TO DO >> In the data below, find the line containing "Sqrt : Sqrt" and the line containing "settings: InheritFromInputs=off", then reproduce them and every line between, exactly. Omit pictures.

[Items from a data source]
============

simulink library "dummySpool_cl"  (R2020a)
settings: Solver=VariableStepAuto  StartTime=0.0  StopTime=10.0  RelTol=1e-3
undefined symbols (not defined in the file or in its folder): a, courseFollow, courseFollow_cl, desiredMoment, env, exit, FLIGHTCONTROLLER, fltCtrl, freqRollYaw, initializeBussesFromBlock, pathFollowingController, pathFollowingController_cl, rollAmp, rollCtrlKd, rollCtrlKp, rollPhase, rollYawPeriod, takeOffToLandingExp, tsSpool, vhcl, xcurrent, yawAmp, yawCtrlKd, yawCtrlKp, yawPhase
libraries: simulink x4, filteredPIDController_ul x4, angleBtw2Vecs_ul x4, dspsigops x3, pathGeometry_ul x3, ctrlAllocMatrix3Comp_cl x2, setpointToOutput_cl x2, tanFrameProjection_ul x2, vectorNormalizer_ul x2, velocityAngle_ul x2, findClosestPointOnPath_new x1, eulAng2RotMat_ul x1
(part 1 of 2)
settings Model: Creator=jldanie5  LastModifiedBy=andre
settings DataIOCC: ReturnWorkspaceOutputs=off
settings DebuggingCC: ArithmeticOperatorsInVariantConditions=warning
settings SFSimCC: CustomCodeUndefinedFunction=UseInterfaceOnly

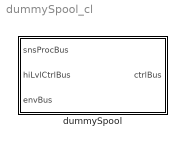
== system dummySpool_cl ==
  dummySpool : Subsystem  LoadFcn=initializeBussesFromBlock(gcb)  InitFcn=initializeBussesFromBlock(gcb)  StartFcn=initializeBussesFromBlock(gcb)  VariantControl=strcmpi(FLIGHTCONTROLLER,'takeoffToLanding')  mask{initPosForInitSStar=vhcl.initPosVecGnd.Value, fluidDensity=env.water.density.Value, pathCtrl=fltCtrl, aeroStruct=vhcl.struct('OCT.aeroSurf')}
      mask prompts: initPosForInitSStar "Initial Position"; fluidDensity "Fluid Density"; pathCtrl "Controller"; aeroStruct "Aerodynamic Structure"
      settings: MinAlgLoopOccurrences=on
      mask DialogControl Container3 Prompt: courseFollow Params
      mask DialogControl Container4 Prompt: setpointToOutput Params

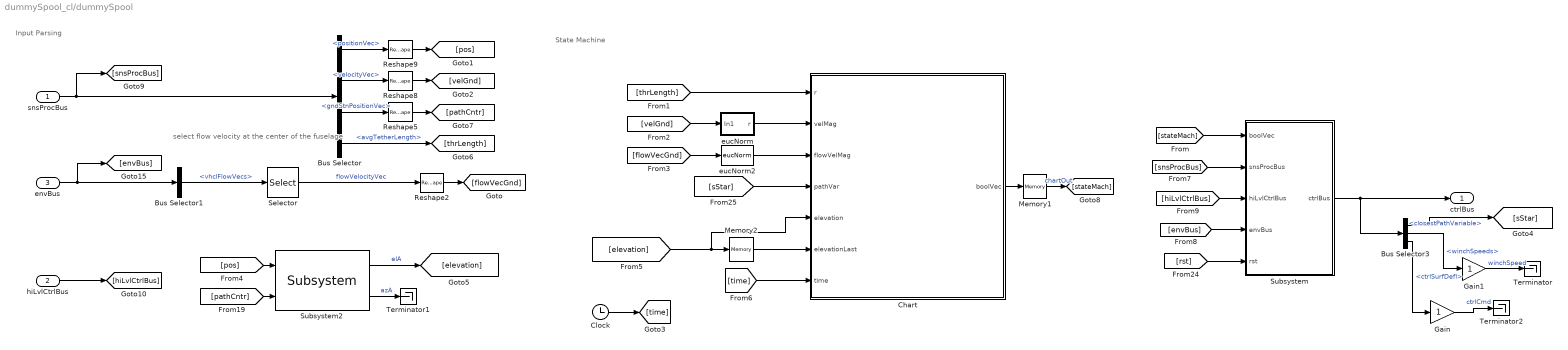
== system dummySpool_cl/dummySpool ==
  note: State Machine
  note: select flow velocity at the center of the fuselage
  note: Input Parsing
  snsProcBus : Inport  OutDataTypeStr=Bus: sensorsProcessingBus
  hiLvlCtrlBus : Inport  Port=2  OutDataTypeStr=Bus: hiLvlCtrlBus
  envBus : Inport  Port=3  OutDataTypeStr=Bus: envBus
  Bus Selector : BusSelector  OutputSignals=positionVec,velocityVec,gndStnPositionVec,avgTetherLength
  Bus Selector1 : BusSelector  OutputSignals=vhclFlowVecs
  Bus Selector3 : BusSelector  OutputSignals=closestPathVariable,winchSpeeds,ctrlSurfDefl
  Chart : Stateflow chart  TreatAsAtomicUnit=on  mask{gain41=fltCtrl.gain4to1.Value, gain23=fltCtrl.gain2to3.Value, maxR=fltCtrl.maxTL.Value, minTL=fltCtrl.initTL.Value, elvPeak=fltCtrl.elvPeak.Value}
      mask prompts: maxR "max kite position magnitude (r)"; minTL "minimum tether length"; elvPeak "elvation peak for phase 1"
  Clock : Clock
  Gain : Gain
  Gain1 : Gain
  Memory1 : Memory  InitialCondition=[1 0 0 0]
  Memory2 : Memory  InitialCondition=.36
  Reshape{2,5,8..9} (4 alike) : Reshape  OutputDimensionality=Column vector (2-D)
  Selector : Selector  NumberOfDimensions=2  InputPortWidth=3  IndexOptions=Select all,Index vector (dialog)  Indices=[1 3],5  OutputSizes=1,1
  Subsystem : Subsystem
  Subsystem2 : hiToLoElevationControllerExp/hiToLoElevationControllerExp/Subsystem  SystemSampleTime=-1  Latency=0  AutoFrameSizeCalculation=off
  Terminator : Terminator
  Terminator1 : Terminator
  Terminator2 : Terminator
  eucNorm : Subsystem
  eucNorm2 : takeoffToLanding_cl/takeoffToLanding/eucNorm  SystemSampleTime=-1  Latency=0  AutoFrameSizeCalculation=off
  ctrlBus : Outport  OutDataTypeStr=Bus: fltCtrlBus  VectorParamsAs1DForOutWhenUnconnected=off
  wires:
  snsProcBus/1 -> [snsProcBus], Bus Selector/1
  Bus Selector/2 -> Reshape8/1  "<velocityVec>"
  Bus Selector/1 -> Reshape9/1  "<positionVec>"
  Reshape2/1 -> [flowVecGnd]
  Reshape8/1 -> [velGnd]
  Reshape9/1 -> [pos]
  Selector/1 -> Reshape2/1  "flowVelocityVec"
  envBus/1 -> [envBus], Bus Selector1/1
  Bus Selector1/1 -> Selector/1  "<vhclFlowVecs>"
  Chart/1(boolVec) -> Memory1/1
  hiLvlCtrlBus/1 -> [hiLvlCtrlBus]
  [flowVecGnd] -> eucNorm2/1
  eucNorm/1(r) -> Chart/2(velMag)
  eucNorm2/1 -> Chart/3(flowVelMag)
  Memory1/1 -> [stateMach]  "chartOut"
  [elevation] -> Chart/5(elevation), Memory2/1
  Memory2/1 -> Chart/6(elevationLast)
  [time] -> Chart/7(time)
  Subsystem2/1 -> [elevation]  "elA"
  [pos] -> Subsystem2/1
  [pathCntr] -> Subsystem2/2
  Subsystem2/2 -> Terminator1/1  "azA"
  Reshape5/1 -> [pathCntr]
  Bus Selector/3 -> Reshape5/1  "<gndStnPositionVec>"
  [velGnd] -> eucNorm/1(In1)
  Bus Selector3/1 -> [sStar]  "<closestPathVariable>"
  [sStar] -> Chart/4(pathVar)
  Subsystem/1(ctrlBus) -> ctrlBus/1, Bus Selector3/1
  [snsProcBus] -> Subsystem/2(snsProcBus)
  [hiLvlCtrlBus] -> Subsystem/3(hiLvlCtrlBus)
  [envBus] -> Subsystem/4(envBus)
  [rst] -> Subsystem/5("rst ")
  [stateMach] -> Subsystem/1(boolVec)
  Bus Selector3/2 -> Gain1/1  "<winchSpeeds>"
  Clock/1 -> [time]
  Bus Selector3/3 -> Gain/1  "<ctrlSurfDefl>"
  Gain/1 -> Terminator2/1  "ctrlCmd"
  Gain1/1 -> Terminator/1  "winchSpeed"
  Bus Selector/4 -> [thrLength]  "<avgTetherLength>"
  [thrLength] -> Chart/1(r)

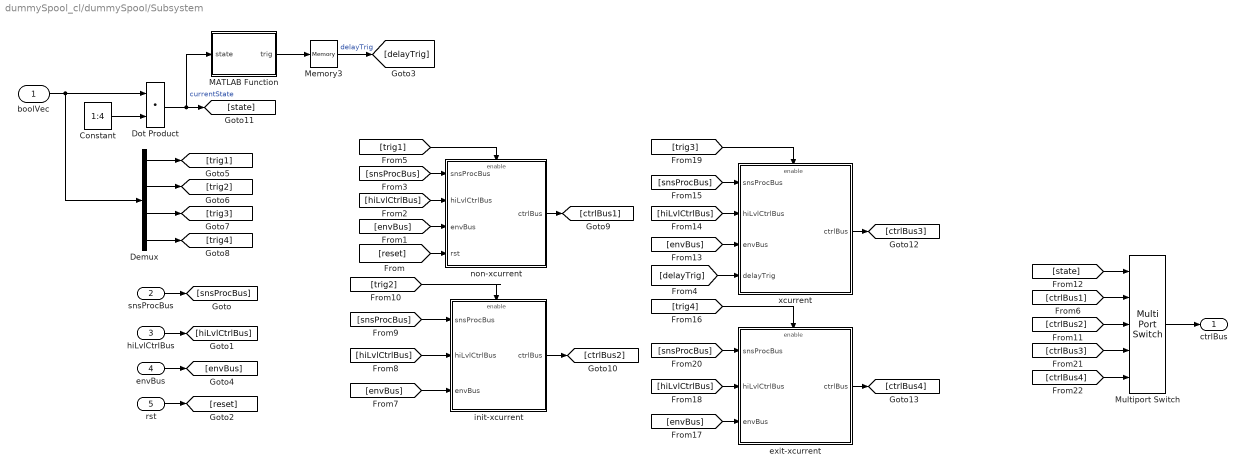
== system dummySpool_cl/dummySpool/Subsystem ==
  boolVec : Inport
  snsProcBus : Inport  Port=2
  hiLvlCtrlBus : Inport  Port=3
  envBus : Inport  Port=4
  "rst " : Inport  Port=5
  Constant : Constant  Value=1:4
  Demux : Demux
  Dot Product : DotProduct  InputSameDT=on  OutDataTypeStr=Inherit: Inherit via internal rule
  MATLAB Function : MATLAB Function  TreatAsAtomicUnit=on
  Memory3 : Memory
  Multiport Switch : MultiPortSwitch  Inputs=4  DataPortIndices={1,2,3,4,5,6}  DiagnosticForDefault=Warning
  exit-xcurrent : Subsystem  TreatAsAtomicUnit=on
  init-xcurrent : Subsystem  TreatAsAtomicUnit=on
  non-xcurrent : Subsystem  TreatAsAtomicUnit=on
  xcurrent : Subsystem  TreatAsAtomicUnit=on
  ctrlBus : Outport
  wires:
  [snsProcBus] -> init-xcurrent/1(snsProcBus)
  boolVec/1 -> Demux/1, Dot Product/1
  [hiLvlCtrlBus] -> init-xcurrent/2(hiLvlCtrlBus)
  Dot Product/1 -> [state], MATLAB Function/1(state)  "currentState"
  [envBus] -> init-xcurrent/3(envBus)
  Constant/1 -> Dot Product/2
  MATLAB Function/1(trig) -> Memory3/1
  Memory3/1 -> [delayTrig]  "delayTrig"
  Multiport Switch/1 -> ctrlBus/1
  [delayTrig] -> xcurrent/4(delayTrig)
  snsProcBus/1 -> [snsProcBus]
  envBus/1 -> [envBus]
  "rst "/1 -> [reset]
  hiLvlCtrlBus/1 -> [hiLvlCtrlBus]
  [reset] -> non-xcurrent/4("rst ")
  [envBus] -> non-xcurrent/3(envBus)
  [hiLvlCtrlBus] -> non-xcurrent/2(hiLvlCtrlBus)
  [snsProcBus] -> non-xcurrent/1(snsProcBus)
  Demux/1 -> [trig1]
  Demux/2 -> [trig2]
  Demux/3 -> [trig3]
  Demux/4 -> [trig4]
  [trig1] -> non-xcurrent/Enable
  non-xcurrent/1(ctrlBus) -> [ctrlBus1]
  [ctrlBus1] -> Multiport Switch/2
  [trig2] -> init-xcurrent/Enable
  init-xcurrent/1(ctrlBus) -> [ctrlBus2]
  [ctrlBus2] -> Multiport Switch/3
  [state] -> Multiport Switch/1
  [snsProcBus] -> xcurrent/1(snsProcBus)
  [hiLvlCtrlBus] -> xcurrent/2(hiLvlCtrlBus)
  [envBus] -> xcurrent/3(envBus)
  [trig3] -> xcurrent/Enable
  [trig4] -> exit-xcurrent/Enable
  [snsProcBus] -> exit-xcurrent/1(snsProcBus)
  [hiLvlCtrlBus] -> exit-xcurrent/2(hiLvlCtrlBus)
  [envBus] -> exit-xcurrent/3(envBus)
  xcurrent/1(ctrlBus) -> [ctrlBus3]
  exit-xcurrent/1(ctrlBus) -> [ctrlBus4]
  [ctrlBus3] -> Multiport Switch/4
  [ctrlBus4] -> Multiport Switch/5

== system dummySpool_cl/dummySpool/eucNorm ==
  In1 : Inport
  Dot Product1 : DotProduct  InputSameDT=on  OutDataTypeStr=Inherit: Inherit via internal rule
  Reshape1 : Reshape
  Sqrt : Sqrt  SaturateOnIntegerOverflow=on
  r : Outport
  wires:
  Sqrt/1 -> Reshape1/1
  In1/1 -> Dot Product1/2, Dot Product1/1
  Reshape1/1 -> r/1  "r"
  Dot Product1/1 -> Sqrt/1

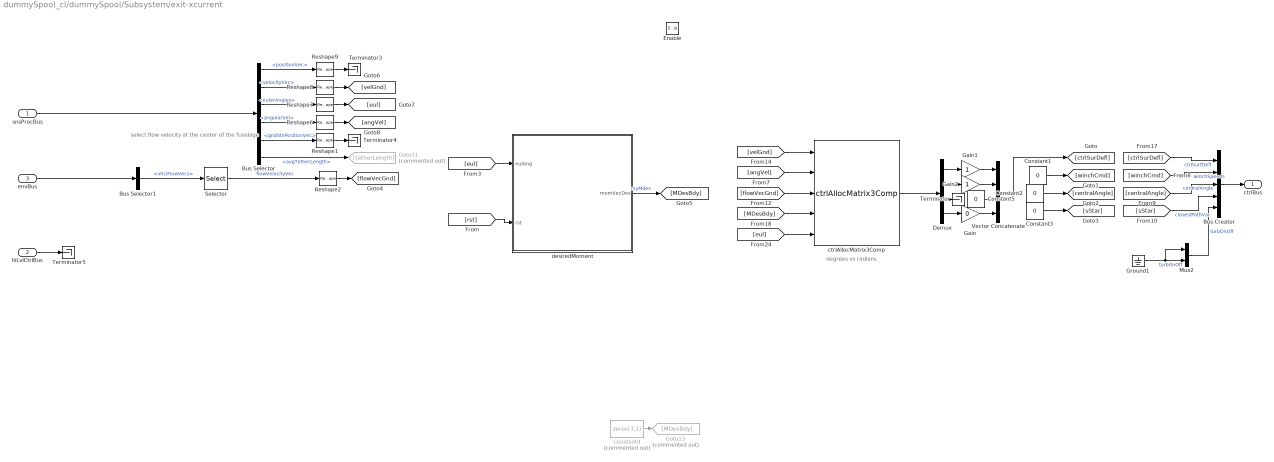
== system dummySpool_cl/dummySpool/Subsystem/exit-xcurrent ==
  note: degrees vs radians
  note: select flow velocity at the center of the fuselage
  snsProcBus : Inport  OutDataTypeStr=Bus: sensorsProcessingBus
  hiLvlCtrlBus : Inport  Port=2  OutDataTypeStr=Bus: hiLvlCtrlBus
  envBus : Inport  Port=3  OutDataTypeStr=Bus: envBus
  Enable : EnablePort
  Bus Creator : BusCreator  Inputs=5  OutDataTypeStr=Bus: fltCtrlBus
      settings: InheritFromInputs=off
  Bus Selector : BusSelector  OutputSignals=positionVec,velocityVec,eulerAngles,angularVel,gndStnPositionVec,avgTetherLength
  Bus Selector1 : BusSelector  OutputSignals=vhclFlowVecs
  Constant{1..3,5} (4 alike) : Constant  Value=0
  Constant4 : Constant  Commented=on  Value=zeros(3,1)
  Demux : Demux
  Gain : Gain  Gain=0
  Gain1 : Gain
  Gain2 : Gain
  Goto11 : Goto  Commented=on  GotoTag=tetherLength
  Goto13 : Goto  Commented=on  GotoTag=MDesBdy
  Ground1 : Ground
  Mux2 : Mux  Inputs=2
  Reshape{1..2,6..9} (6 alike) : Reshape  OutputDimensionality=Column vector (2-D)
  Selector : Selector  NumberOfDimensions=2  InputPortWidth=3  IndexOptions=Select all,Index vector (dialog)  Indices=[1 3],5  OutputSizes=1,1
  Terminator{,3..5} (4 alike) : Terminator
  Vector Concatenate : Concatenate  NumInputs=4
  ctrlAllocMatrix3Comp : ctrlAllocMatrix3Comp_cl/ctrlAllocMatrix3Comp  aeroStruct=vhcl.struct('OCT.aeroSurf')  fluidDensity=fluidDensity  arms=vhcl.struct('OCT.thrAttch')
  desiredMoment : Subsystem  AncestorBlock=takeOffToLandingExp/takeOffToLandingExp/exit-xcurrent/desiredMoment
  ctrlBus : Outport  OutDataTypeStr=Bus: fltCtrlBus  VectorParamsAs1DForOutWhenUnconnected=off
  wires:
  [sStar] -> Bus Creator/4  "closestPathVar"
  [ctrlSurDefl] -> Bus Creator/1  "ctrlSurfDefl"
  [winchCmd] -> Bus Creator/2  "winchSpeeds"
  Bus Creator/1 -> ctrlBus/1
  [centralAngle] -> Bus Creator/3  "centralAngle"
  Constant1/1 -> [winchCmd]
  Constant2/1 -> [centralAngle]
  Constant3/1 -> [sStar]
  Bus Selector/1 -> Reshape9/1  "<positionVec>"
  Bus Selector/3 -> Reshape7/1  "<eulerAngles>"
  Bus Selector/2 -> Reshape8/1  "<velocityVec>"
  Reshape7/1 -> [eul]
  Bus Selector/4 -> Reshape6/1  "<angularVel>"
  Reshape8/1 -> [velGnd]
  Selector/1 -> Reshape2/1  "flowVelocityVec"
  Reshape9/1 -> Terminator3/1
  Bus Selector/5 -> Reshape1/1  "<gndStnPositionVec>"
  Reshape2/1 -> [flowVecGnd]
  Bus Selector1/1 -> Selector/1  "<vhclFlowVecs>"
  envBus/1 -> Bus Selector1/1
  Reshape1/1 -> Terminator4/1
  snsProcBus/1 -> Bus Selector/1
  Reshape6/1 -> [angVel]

============

ANSWER SPACE >>
  Sqrt : Sqrt  SaturateOnIntegerOverflow=on
  r : Outport
  wires:
  Sqrt/1 -> Reshape1/1
  In1/1 -> Dot Product1/2, Dot Product1/1
  Reshape1/1 -> r/1  "r"
  Dot Product1/1 -> Sqrt/1

== system dummySpool_cl/dummySpool/Subsystem/exit-xcurrent ==
  note: degrees vs radians
  note: select flow velocity at the center of the fuselage
  snsProcBus : Inport  OutDataTypeStr=Bus: sensorsProcessingBus
  hiLvlCtrlBus : Inport  Port=2  OutDataTypeStr=Bus: hiLvlCtrlBus
  envBus : Inport  Port=3  OutDataTypeStr=Bus: envBus
  Enable : EnablePort
  Bus Creator : BusCreator  Inputs=5  OutDataTypeStr=Bus: fltCtrlBus
      settings: InheritFromInputs=off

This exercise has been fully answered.